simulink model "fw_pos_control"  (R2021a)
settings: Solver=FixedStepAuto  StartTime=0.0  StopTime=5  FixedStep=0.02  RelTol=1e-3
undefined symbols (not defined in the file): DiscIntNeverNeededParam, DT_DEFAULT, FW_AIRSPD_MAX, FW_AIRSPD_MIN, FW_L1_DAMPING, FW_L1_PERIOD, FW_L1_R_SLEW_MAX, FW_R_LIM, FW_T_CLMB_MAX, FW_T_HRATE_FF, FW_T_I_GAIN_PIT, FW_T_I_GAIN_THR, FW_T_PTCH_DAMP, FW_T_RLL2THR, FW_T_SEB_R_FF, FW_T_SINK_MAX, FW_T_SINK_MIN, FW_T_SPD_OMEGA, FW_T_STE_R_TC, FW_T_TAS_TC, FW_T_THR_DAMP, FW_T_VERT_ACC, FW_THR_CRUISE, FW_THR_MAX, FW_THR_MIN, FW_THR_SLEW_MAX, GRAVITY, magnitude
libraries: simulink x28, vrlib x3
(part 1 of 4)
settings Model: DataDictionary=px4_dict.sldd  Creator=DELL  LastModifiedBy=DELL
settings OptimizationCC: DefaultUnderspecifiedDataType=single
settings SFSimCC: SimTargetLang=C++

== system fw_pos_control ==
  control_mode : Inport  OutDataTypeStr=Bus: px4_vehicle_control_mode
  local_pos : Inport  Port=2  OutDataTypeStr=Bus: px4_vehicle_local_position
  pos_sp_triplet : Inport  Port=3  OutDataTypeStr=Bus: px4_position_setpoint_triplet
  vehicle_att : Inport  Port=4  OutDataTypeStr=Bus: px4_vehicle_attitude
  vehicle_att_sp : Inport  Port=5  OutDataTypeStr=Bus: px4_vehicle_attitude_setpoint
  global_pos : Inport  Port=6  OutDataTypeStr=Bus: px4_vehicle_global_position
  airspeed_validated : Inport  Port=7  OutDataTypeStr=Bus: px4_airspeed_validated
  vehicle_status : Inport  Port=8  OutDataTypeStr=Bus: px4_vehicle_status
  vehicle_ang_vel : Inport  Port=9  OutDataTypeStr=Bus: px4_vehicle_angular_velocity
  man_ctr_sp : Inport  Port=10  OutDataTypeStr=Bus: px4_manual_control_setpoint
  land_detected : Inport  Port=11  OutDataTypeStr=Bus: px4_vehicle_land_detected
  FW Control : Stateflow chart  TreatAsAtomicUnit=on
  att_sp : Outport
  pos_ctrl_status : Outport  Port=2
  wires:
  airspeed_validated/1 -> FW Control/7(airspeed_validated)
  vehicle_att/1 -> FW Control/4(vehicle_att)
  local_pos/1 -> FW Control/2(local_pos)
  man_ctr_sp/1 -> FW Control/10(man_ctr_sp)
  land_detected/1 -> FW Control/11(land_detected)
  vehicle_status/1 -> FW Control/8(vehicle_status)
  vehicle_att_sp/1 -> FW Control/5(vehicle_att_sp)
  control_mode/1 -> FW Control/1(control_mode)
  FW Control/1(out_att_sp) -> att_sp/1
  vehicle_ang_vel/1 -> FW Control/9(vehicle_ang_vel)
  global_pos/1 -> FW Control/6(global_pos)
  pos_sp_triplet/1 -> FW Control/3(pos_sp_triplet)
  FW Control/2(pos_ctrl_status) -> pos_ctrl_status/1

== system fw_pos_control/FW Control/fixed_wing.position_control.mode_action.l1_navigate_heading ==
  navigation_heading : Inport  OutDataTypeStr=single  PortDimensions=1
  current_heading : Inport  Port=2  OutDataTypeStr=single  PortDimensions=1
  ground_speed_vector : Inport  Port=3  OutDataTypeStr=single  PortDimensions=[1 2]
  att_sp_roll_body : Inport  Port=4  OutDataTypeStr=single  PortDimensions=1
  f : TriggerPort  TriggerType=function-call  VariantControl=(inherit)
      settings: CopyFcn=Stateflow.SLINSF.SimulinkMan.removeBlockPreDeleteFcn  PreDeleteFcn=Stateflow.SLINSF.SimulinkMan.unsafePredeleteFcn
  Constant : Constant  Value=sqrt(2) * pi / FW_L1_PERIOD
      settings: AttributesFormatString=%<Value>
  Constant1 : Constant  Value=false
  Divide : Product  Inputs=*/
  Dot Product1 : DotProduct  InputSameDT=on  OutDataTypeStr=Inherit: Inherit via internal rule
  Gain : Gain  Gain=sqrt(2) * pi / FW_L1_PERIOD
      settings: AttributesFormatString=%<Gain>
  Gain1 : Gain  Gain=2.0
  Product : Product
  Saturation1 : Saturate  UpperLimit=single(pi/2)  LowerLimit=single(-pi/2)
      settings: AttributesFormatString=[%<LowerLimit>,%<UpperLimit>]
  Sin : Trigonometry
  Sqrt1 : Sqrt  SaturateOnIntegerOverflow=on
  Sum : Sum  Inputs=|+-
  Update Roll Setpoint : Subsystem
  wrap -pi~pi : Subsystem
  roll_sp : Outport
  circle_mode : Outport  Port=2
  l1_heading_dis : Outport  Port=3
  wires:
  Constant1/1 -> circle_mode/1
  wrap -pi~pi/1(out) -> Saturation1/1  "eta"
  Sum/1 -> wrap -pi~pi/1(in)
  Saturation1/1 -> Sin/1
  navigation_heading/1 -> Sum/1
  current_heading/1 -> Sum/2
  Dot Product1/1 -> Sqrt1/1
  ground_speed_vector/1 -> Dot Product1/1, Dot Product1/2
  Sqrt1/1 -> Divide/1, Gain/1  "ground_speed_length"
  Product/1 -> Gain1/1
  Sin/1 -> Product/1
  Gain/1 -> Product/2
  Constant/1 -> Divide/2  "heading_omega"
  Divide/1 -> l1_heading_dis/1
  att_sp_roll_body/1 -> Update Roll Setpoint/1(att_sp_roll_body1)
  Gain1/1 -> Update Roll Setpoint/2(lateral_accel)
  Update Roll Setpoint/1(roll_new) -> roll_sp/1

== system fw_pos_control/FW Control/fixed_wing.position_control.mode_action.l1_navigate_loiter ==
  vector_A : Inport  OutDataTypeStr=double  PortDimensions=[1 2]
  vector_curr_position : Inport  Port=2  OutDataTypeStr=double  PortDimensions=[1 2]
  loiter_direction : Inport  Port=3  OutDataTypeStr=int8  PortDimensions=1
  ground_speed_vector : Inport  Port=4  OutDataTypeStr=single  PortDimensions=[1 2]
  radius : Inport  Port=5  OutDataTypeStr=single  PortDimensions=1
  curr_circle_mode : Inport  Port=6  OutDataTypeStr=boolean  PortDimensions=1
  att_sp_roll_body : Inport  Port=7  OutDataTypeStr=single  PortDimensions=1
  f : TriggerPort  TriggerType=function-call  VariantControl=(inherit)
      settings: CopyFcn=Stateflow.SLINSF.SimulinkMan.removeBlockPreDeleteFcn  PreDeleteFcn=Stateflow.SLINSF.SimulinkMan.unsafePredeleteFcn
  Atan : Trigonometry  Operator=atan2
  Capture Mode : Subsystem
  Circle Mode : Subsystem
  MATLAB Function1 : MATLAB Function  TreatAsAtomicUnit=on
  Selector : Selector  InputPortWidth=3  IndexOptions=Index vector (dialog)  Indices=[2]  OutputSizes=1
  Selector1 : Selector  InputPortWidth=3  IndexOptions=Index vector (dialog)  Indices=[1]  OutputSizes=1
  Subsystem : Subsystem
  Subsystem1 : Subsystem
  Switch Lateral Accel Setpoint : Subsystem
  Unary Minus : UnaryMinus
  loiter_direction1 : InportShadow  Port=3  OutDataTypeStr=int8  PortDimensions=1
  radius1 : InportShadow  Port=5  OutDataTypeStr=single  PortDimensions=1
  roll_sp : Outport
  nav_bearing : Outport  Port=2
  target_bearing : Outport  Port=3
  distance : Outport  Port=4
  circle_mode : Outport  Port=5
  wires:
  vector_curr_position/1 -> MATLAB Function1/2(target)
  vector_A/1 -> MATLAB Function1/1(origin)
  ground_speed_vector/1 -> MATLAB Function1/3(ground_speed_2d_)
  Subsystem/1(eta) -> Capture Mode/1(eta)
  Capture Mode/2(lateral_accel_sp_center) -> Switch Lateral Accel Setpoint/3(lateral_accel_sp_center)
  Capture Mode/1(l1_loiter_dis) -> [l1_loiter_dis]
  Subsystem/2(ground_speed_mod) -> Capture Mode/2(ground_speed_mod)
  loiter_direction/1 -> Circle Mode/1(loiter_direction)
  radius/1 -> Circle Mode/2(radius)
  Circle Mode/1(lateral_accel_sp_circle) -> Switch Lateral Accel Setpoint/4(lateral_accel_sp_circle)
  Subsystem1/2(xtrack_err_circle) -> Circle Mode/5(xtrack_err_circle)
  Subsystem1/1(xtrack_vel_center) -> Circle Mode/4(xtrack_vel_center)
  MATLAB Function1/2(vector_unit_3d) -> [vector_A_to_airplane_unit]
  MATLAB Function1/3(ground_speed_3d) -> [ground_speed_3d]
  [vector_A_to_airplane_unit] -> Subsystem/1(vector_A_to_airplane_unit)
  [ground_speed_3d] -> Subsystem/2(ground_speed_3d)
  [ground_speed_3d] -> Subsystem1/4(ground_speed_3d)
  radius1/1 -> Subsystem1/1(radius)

- [Problem to solve]:
Please return only the lines above, starting at the line that has "land_detected : Inport" and ending at the line that has "FW Control/2(pos_ctrl_status) ->", keeping both and leaving each one unchanged.

- [Exercise response]:
  land_detected : Inport  Port=11  OutDataTypeStr=Bus: px4_vehicle_land_detected
  FW Control : Stateflow chart  TreatAsAtomicUnit=on
  att_sp : Outport
  pos_ctrl_status : Outport  Port=2
  wires:
  airspeed_validated/1 -> FW Control/7(airspeed_validated)
  vehicle_att/1 -> FW Control/4(vehicle_att)
  local_pos/1 -> FW Control/2(local_pos)
  man_ctr_sp/1 -> FW Control/10(man_ctr_sp)
  land_detected/1 -> FW Control/11(land_detected)
  vehicle_status/1 -> FW Control/8(vehicle_status)
  vehicle_att_sp/1 -> FW Control/5(vehicle_att_sp)
  control_mode/1 -> FW Control/1(control_mode)
  FW Control/1(out_att_sp) -> att_sp/1
  vehicle_ang_vel/1 -> FW Control/9(vehicle_ang_vel)
  global_pos/1 -> FW Control/6(global_pos)
  pos_sp_triplet/1 -> FW Control/3(pos_sp_triplet)
  FW Control/2(pos_ctrl_status) -> pos_ctrl_status/1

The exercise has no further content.